Trading Systems Part 4 - Examples of Signals

The previous story described the class of triggers we call signals. In this story we will explore some simple examples of signals. Most of these you will be familiar with and they help to clarify the terms we use in the next story on systems.

As examples, we will discuss the following types of signals:

  • MA cross
  • Pin bars
  • Engulfing patterns
  • Heikin Ashi reversals.

Moving Average Cross signals

An MA cross signal occurs of course when two MAs cross. One MA has a longer periodicity than the other meaning that it will be slower to react to the latest prices while the MA with the shorter time period will react faster. If the previous trend had been a bear market then prices would generally be below the two MAs with the faster MA closer to the real market prices than the slow MA.

MAs above prices in downtrend

In a bull market, the opposite occurs with the slow MA below the faster, and both below the actual rising prices. The two charts of EURJPY show different phases of a cycle, with the first above showing a downtrend with the MAs lying above and to the right, and the following chart showing an uptrend with MAs underneath.

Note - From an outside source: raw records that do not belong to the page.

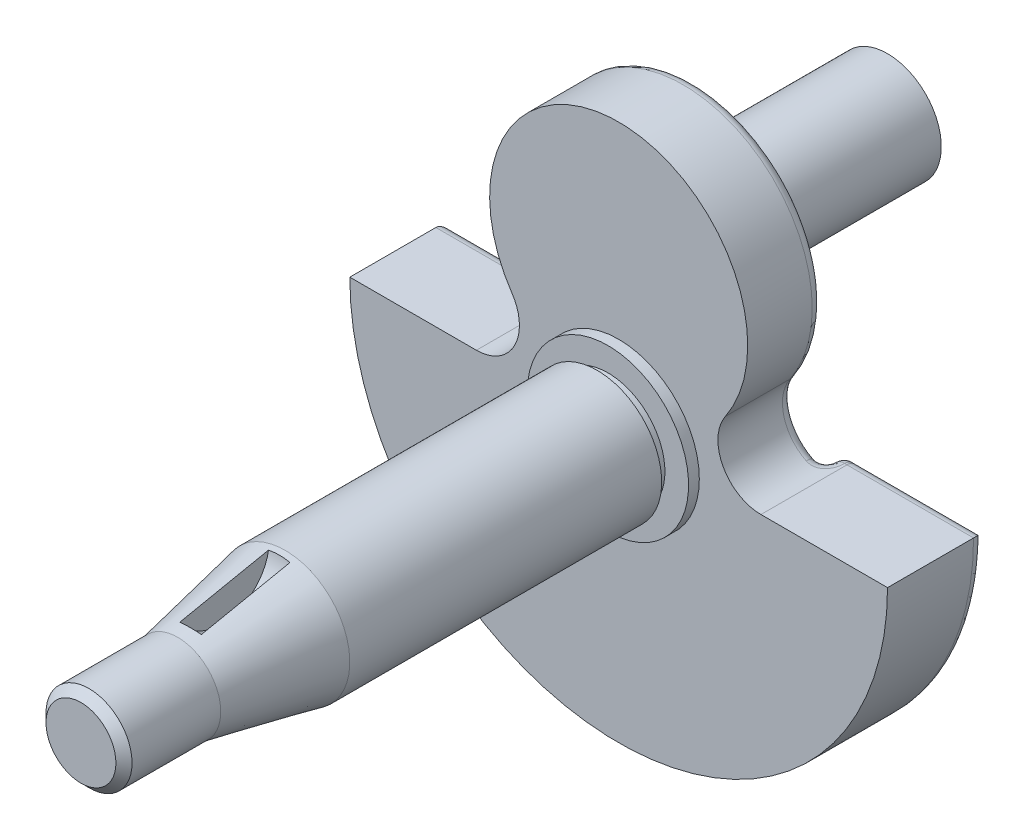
ISO-10303-21;
HEADER;
FILE_DESCRIPTION(('STEP AP214'),'2;1');
FILE_NAME('part.step','',(''),(''),'','','');
FILE_SCHEMA(('AUTOMOTIVE_DESIGN { 1 0 10303 214 1 1 1 1 }'));
ENDSEC;
DATA;
#1=APPLICATION_CONTEXT('core data for automotive mechanical design processes');
#2=APPLICATION_PROTOCOL_DEFINITION('international standard','automotive_design',2000,#1);
#3=PRODUCT_CONTEXT('',#1,'mechanical');
#4=PRODUCT('Part','Part','',(#3));
#5=PRODUCT_RELATED_PRODUCT_CATEGORY('part','',(#4));
#6=PRODUCT_DEFINITION_FORMATION('','',#4);
#7=PRODUCT_DEFINITION_CONTEXT('part definition',#1,'design');
#8=PRODUCT_DEFINITION('design','',#6,#7);
#9=PRODUCT_DEFINITION_SHAPE('','',#8);
#10=(LENGTH_UNIT() NAMED_UNIT(*) SI_UNIT(.MILLI.,.METRE.));
#11=(NAMED_UNIT(*) PLANE_ANGLE_UNIT() SI_UNIT($,.RADIAN.));
#12=(NAMED_UNIT(*) SI_UNIT($,.STERADIAN.) SOLID_ANGLE_UNIT());
#13=UNCERTAINTY_MEASURE_WITH_UNIT(LENGTH_MEASURE(1.E-05),#10,'distance_accuracy_value','');
#14=(GEOMETRIC_REPRESENTATION_CONTEXT(3) GLOBAL_UNCERTAINTY_ASSIGNED_CONTEXT((#13)) GLOBAL_UNIT_ASSIGNED_CONTEXT((#10,
#11,#12)) REPRESENTATION_CONTEXT('',''));
#15=CARTESIAN_POINT('',(0.,0.,0.));
#16=DIRECTION('',(0.,0.,1.));
#17=DIRECTION('',(1.,0.,0.));
#18=AXIS2_PLACEMENT_3D('',#15,#16,#17);
#19=CARTESIAN_POINT('',(0.,0.,74.5));
#20=DIRECTION('',(0.,0.,-1.));
#21=DIRECTION('',(-1.,0.,0.));
#22=AXIS2_PLACEMENT_3D('',#19,#20,#21);
#23=CONICAL_SURFACE('',#22,12.,0.19739555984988);
#24=CARTESIAN_POINT('',(0.,0.,74.5));
#25=DIRECTION('',(0.,0.,-1.));
#26=DIRECTION('',(-1.,0.,0.));
#27=AXIS2_PLACEMENT_3D('',#24,#25,#26);
#28=CIRCLE('',#27,12.);
#29=CARTESIAN_POINT('',(-12.,0.,74.5));
#30=VERTEX_POINT('',#29);
#31=EDGE_CURVE('E228',#30,#30,#28,.T.);
#32=ORIENTED_EDGE('',*,*,#31,.F.);
#33=EDGE_LOOP('',(#32));
#34=FACE_BOUND('',#33,.T.);
#35=CARTESIAN_POINT('',(0.,0.,94.5));
#36=DIRECTION('',(0.,0.,-1.));
#37=DIRECTION('',(-1.,0.,0.));
#38=AXIS2_PLACEMENT_3D('',#35,#36,#37);
#39=CIRCLE('',#38,8.);
#40=CARTESIAN_POINT('',(-8.,0.,94.5));
#41=VERTEX_POINT('',#40);
#42=EDGE_CURVE('E231',#41,#41,#39,.T.);
#43=ORIENTED_EDGE('',*,*,#42,.T.);
#44=EDGE_LOOP('',(#43));
#45=FACE_BOUND('',#44,.T.);
#46=CARTESIAN_POINT('',(-2.0001999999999,8.24048514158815,92.1011806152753));
#47=CARTESIAN_POINT('',(-1.88846339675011,8.26447819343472,92.1163881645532));
#48=CARTESIAN_POINT('',(-1.77613457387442,8.28652189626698,92.1302078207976));
#49=CARTESIAN_POINT('',(-1.55047016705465,8.32662195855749,92.1551464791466));
#50=CARTESIAN_POINT('',(-1.43713458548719,8.3446783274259,92.1662654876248));
#51=CARTESIAN_POINT('',(-1.09585749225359,8.39273727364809,92.1956865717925));
#52=CARTESIAN_POINT('',(-0.866671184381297,8.41662418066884,92.2100492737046));
#53=CARTESIAN_POINT('',(-0.411499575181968,8.44730926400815,92.22844197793));
#54=CARTESIAN_POINT('',(-0.185544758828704,8.45444717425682,92.2326774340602));
#55=CARTESIAN_POINT('',(0.2661710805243,8.45251923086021,92.2315293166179));
#56=CARTESIAN_POINT('',(0.491932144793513,8.44346089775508,92.2261502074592));
#57=CARTESIAN_POINT('',(0.932155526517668,8.41003651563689,92.2060801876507));
#58=CARTESIAN_POINT('',(1.14668701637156,8.3863439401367,92.1917987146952));
#59=CARTESIAN_POINT('',(1.46733451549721,8.33993160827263,92.163343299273));
#60=CARTESIAN_POINT('',(1.57456020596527,8.32253350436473,92.1526141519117));
#61=CARTESIAN_POINT('',(1.78810140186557,8.28416760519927,92.1287316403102));
#62=CARTESIAN_POINT('',(1.89441688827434,8.26319973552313,92.115578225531));
#63=CARTESIAN_POINT('',(2.0001999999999,8.24048514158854,92.1011806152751));
#64=B_SPLINE_CURVE_WITH_KNOTS('',3,(#46,#47,#48,#49,#50,#51,#52,#53,#54,#55,#56,#57,#58,#59,#60,
#61,#62,#63),.UNSPECIFIED.,.F.,.F.,(4,2,2,2,2,2,2,2,4),(0.,0.345817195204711,0.691633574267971,
1.38334516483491,2.06090013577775,2.73814057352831,3.38632312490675,3.71371515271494,
4.04111400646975),.UNSPECIFIED.);
#65=CARTESIAN_POINT('',(-2.,8.24052808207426,92.1012078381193));
#66=VERTEX_POINT('',#65);
#67=CARTESIAN_POINT('',(2.,8.24052808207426,92.1012078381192));
#68=VERTEX_POINT('',#67);
#69=EDGE_CURVE('E159',#66,#68,#64,.T.);
#70=ORIENTED_EDGE('',*,*,#69,.F.);
#71=CARTESIAN_POINT('',(-2.,14.8761479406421,59.4500537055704));
#72=CARTESIAN_POINT('',(-1.99999999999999,14.5645552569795,60.9941047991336));
#73=CARTESIAN_POINT('',(-2.,14.2528030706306,62.5381237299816));
#74=CARTESIAN_POINT('',(-2.00000000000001,13.6288910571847,65.626079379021));
#75=CARTESIAN_POINT('',(-2.00000000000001,13.3167312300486,67.1700160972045));
#76=CARTESIAN_POINT('',(-1.99999999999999,12.6919099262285,70.2578159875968));
#77=CARTESIAN_POINT('',(-1.99999999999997,12.3792484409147,71.8016791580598));
#78=CARTESIAN_POINT('',(-2.00000000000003,11.753303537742,74.8892793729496));
#79=CARTESIAN_POINT('',(-2.00000000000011,11.4400201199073,76.4330164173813));
#80=CARTESIAN_POINT('',(-2.00000000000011,10.8126616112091,79.5203290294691));
#81=CARTESIAN_POINT('',(-2.00000000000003,10.4985865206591,81.0639045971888));
#82=CARTESIAN_POINT('',(-1.99999999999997,9.86940633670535,84.150844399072));
#83=CARTESIAN_POINT('',(-1.99999999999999,9.55430124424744,85.6942086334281));
#84=CARTESIAN_POINT('',(-2.00000000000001,8.92271740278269,88.7806335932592));
#85=CARTESIAN_POINT('',(-2.,8.60623867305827,90.3236943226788));
#86=CARTESIAN_POINT('',(-2.,7.9713846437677,93.4094312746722));
#87=CARTESIAN_POINT('',(-2.,7.65300933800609,94.9521074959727));
#88=CARTESIAN_POINT('',(-2.,7.16958290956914,97.2840476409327));
#89=CARTESIAN_POINT('',(-2.,7.00554469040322,98.0735215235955));
#90=CARTESIAN_POINT('',(-2.,6.6765763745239,99.652283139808));
#91=CARTESIAN_POINT('',(-2.,6.51164627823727,100.441570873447));
#92=CARTESIAN_POINT('',(-2.,6.1806744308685,102.01990551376));
#93=CARTESIAN_POINT('',(-2.,6.01463269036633,102.808952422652));
#94=CARTESIAN_POINT('',(-2.,5.68112970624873,104.38674796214));
#95=CARTESIAN_POINT('',(-2.,5.5136684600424,105.175496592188));
#96=CARTESIAN_POINT('',(-2.,5.17688539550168,106.752631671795));
#97=CARTESIAN_POINT('',(-2.,5.00756349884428,107.541018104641));
#98=CARTESIAN_POINT('',(-2.,4.6664363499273,109.117250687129));
#99=CARTESIAN_POINT('',(-2.,4.49463111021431,109.905096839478));
#100=CARTESIAN_POINT('',(-2.,4.23430791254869,111.086303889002));
#101=CARTESIAN_POINT('',(-2.,4.14709611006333,111.479952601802));
#102=CARTESIAN_POINT('',(-2.,3.97161571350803,112.267013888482));
#103=CARTESIAN_POINT('',(-2.,3.88334712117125,112.660426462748));
#104=CARTESIAN_POINT('',(-2.,3.70552764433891,113.446969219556));
#105=CARTESIAN_POINT('',(-2.,3.61597673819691,113.840099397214));
#106=CARTESIAN_POINT('',(-2.,3.43525833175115,114.625990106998));
#107=CARTESIAN_POINT('',(-2.,3.34409082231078,115.018750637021));
#108=CARTESIAN_POINT('',(-2.,3.25194763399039,115.411283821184));
#109=B_SPLINE_CURVE_WITH_KNOTS('',3,(#71,#72,#73,#74,#75,#76,#77,#78,#79,#80,#81,#82,#83,#84,
#85,#86,#87,#88,#89,#90,#91,#92,#93,#94,#95,#96,#97,#98,#99,#100,#101,#102,#103,#104,#105,#106,
#107,#108),.UNSPECIFIED.,.F.,.F.,(4,2,2,2,2,2,2,2,2,2,2,2,2,2,2,2,2,2,4),(0.,4.72553217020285,
9.45106479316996,14.1766795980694,18.9022942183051,23.6279069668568,28.3535153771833,
33.0790576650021,37.804615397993,40.2236226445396,42.6426287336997,45.0616118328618,
47.4805993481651,49.8996890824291,52.3187665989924,53.528346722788,54.7379248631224,
55.9475234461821,57.157128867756),.UNSPECIFIED.);
#110=CARTESIAN_POINT('',(-2.00000000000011,11.605275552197,75.6182497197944));
#111=VERTEX_POINT('',#110);
#112=EDGE_CURVE('E11',#66,#111,#109,.F.);
#113=ORIENTED_EDGE('',*,*,#112,.T.);
#114=CARTESIAN_POINT('',(2.00020000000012,11.6052398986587,75.6182555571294));
#115=CARTESIAN_POINT('',(1.83464353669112,11.6347557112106,75.6134333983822));
#116=CARTESIAN_POINT('',(1.66841015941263,11.6605779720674,75.6093466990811));
#117=CARTESIAN_POINT('',(1.33493975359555,11.704822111,75.6024926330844));
#118=CARTESIAN_POINT('',(1.16770275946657,11.7232442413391,75.5997252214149));
#119=CARTESIAN_POINT('',(0.833881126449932,11.7525611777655,75.5953750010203));
#120=CARTESIAN_POINT('',(0.667301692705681,11.7635140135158,75.5937830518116));
#121=CARTESIAN_POINT('',(0.333814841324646,11.7781185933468,75.5916698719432));
#122=CARTESIAN_POINT('',(0.166907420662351,11.7817702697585,75.5911486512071));
#123=CARTESIAN_POINT('',(-0.166907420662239,11.7817702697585,75.5911486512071));
#124=CARTESIAN_POINT('',(-0.333814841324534,11.7781185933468,75.5916698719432));
#125=CARTESIAN_POINT('',(-0.667301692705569,11.7635140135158,75.5937830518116));
#126=CARTESIAN_POINT('',(-0.83388112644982,11.7525611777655,75.5953750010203));
#127=CARTESIAN_POINT('',(-1.16770275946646,11.7232442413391,75.5997252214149));
#128=CARTESIAN_POINT('',(-1.33493975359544,11.7048221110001,75.6024926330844));
#129=CARTESIAN_POINT('',(-1.66841015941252,11.6605779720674,75.6093466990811));
#130=CARTESIAN_POINT('',(-1.83464353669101,11.6347557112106,75.6134333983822));
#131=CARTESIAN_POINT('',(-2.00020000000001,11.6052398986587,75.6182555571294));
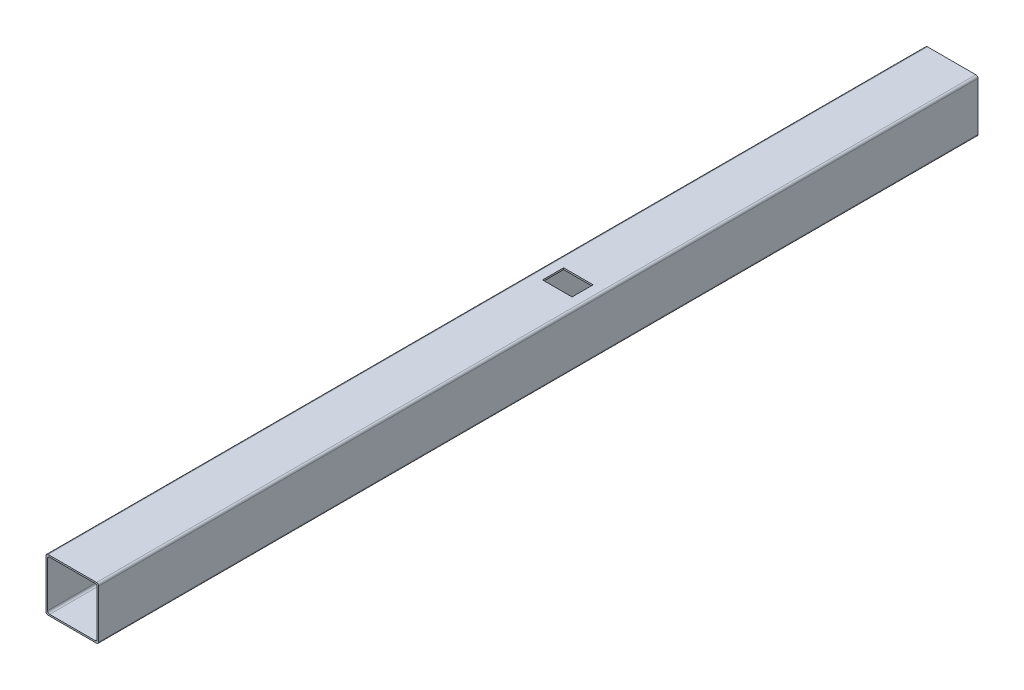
ISO-10303-21;
HEADER;
FILE_DESCRIPTION(('STEP AP214'),'2;1');
FILE_NAME('part.step','',(''),(''),'','','');
FILE_SCHEMA(('AUTOMOTIVE_DESIGN { 1 0 10303 214 1 1 1 1 }'));
ENDSEC;
DATA;
#1=APPLICATION_CONTEXT('core data for automotive mechanical design processes');
#2=APPLICATION_PROTOCOL_DEFINITION('international standard','automotive_design',2000,#1);
#3=PRODUCT_CONTEXT('',#1,'mechanical');
#4=PRODUCT('Part','Part','',(#3));
#5=PRODUCT_RELATED_PRODUCT_CATEGORY('part','',(#4));
#6=PRODUCT_DEFINITION_FORMATION('','',#4);
#7=PRODUCT_DEFINITION_CONTEXT('part definition',#1,'design');
#8=PRODUCT_DEFINITION('design','',#6,#7);
#9=PRODUCT_DEFINITION_SHAPE('','',#8);
#10=(LENGTH_UNIT() NAMED_UNIT(*) SI_UNIT(.MILLI.,.METRE.));
#11=(NAMED_UNIT(*) PLANE_ANGLE_UNIT() SI_UNIT($,.RADIAN.));
#12=(NAMED_UNIT(*) SI_UNIT($,.STERADIAN.) SOLID_ANGLE_UNIT());
#13=UNCERTAINTY_MEASURE_WITH_UNIT(LENGTH_MEASURE(1.E-05),#10,'distance_accuracy_value','');
#14=(GEOMETRIC_REPRESENTATION_CONTEXT(3) GLOBAL_UNCERTAINTY_ASSIGNED_CONTEXT((#13)) GLOBAL_UNIT_ASSIGNED_CONTEXT((#10,
#11,#12)) REPRESENTATION_CONTEXT('',''));
#15=CARTESIAN_POINT('',(0.,0.,0.));
#16=DIRECTION('',(0.,0.,1.));
#17=DIRECTION('',(1.,0.,0.));
#18=AXIS2_PLACEMENT_3D('',#15,#16,#17);
#19=CARTESIAN_POINT('',(0.,3.,1670.));
#20=DIRECTION('',(0.,1.,0.));
#21=DIRECTION('',(0.,0.,1.));
#22=AXIS2_PLACEMENT_3D('',#19,#20,#21);
#23=PLANE('',#22);
#24=DIRECTION('',(0.,0.,-1.));
#25=VECTOR('',#24,1.);
#26=CARTESIAN_POINT('',(7.,3.,1670.));
#27=LINE('',#26,#25);
#28=CARTESIAN_POINT('',(7.,3.,0.));
#29=VERTEX_POINT('',#28);
#30=CARTESIAN_POINT('',(7.00000000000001,3.,600.));
#31=VERTEX_POINT('',#30);
#32=EDGE_CURVE('E513',#29,#31,#27,.F.);
#33=ORIENTED_EDGE('',*,*,#32,.T.);
#34=DIRECTION('',(-1.,0.,0.));
#35=VECTOR('',#34,1.);
#36=CARTESIAN_POINT('',(95.,3.,600.));
#37=LINE('',#36,#35);
#38=CARTESIAN_POINT('',(93.,3.,600.));
#39=VERTEX_POINT('',#38);
#40=EDGE_CURVE('E346',#39,#31,#37,.T.);
#41=ORIENTED_EDGE('',*,*,#40,.F.);
#42=DIRECTION('',(0.,0.,-1.));
#43=VECTOR('',#42,1.);
#44=CARTESIAN_POINT('',(93.,3.,0.));
#45=LINE('',#44,#43);
#46=CARTESIAN_POINT('',(93.,3.,0.));
#47=VERTEX_POINT('',#46);
#48=EDGE_CURVE('E507',#39,#47,#45,.T.);
#49=ORIENTED_EDGE('',*,*,#48,.T.);
#50=DIRECTION('',(1.,0.,0.));
#51=VECTOR('',#50,1.);
#52=CARTESIAN_POINT('',(0.,3.,0.));
#53=LINE('',#52,#51);
#54=EDGE_CURVE('E409',#29,#47,#53,.T.);
#55=ORIENTED_EDGE('',*,*,#54,.F.);
#56=EDGE_LOOP('',(#33,#41,#49,#55));
#57=FACE_BOUND('',#56,.T.);
#58=ADVANCED_FACE('F66',(#57),#23,.T.);
#59=CARTESIAN_POINT('',(7.,7.00000000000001,1670.));
#60=DIRECTION('',(0.,0.,1.));
#61=DIRECTION('',(1.,0.,0.));
#62=AXIS2_PLACEMENT_3D('',#59,#60,#61);
#63=CYLINDRICAL_SURFACE('',#62,4.);
#64=CARTESIAN_POINT('',(7.,7.00000000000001,600.));
#65=DIRECTION('',(0.,0.,1.));
#66=DIRECTION('',(1.,0.,0.));
#67=AXIS2_PLACEMENT_3D('',#64,#65,#66);
#68=CIRCLE('',#67,4.);
#69=CARTESIAN_POINT('',(5.,3.53589838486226,600.));
#70=VERTEX_POINT('',#69);
#71=EDGE_CURVE('E342',#70,#31,#68,.T.);
#72=ORIENTED_EDGE('',*,*,#71,.T.);
#73=ORIENTED_EDGE('',*,*,#32,.F.);
#74=CARTESIAN_POINT('',(7.,7.00000000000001,0.));
#75=DIRECTION('',(0.,0.,1.));
#76=DIRECTION('',(1.,0.,0.));
#77=AXIS2_PLACEMENT_3D('',#74,#75,#76);
#78=CIRCLE('',#77,4.);
#79=CARTESIAN_POINT('',(3.,7.00000000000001,0.));
#80=VERTEX_POINT('',#79);
#81=EDGE_CURVE('E531',#80,#29,#78,.T.);
#82=ORIENTED_EDGE('',*,*,#81,.F.);
#83=DIRECTION('',(0.,0.,-1.));
#84=VECTOR('',#83,1.);
#85=CARTESIAN_POINT('',(3.,7.00000000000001,0.));
#86=LINE('',#85,#84);
#87=CARTESIAN_POINT('',(3.,7.00000000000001,1670.));
#88=VERTEX_POINT('',#87);
#89=EDGE_CURVE('E503',#88,#80,#86,.T.);
#90=ORIENTED_EDGE('',*,*,#89,.F.);
#91=CARTESIAN_POINT('',(7.,7.00000000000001,1670.));
#92=DIRECTION('',(0.,0.,1.));
#93=DIRECTION('',(1.,0.,0.));
#94=AXIS2_PLACEMENT_3D('',#91,#92,#93);
#95=CIRCLE('',#94,4.);
#96=CARTESIAN_POINT('',(7.,3.,1670.));
#97=VERTEX_POINT('',#96);
#98=EDGE_CURVE('E534',#97,#88,#95,.F.);
#99=ORIENTED_EDGE('',*,*,#98,.F.);
#100=CARTESIAN_POINT('',(7.00000000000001,3.,750.));
#101=VERTEX_POINT('',#100);
#102=EDGE_CURVE('E512',#101,#97,#27,.F.);
#103=ORIENTED_EDGE('',*,*,#102,.F.);
#104=CARTESIAN_POINT('',(7.,7.00000000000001,750.));
#105=DIRECTION('',(0.,0.,1.));
#106=DIRECTION('',(1.,0.,0.));
#107=AXIS2_PLACEMENT_3D('',#104,#105,#106);
#108=CIRCLE('',#107,4.);
#109=CARTESIAN_POINT('',(5.,3.53589838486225,750.));
#110=VERTEX_POINT('',#109);
#111=EDGE_CURVE('E385',#110,#101,#108,.T.);
#112=ORIENTED_EDGE('',*,*,#111,.F.);
#113=DIRECTION('',(0.,0.,1.));
#114=VECTOR('',#113,1.);
#115=CARTESIAN_POINT('',(4.99999999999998,3.53589838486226,1670.));
#116=LINE('',#115,#114);
#117=EDGE_CURVE('E338',#110,#70,#116,.F.);
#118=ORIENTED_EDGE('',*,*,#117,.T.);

MAs below prices in uptrend

For the slow MA to be above the faster MA in a bear market but below in a bull market they must have crossed over at some point when the trend reversed. This is point A in the charts. This crossover point is frequently used as either a trend starting point or even as an entry signal for actual trading. MA Cross on USDJPY

We could use a second set of MAs with even shorter periods, such as MA20 and MA8, as our signal while reserving the longer 100 period MA as an indicator of trend. While admittedly simple, such a trading system could in fact work, depending on how you tested and implemented it. If there is an advantage to using a more complicated system, you should find that out in the testing.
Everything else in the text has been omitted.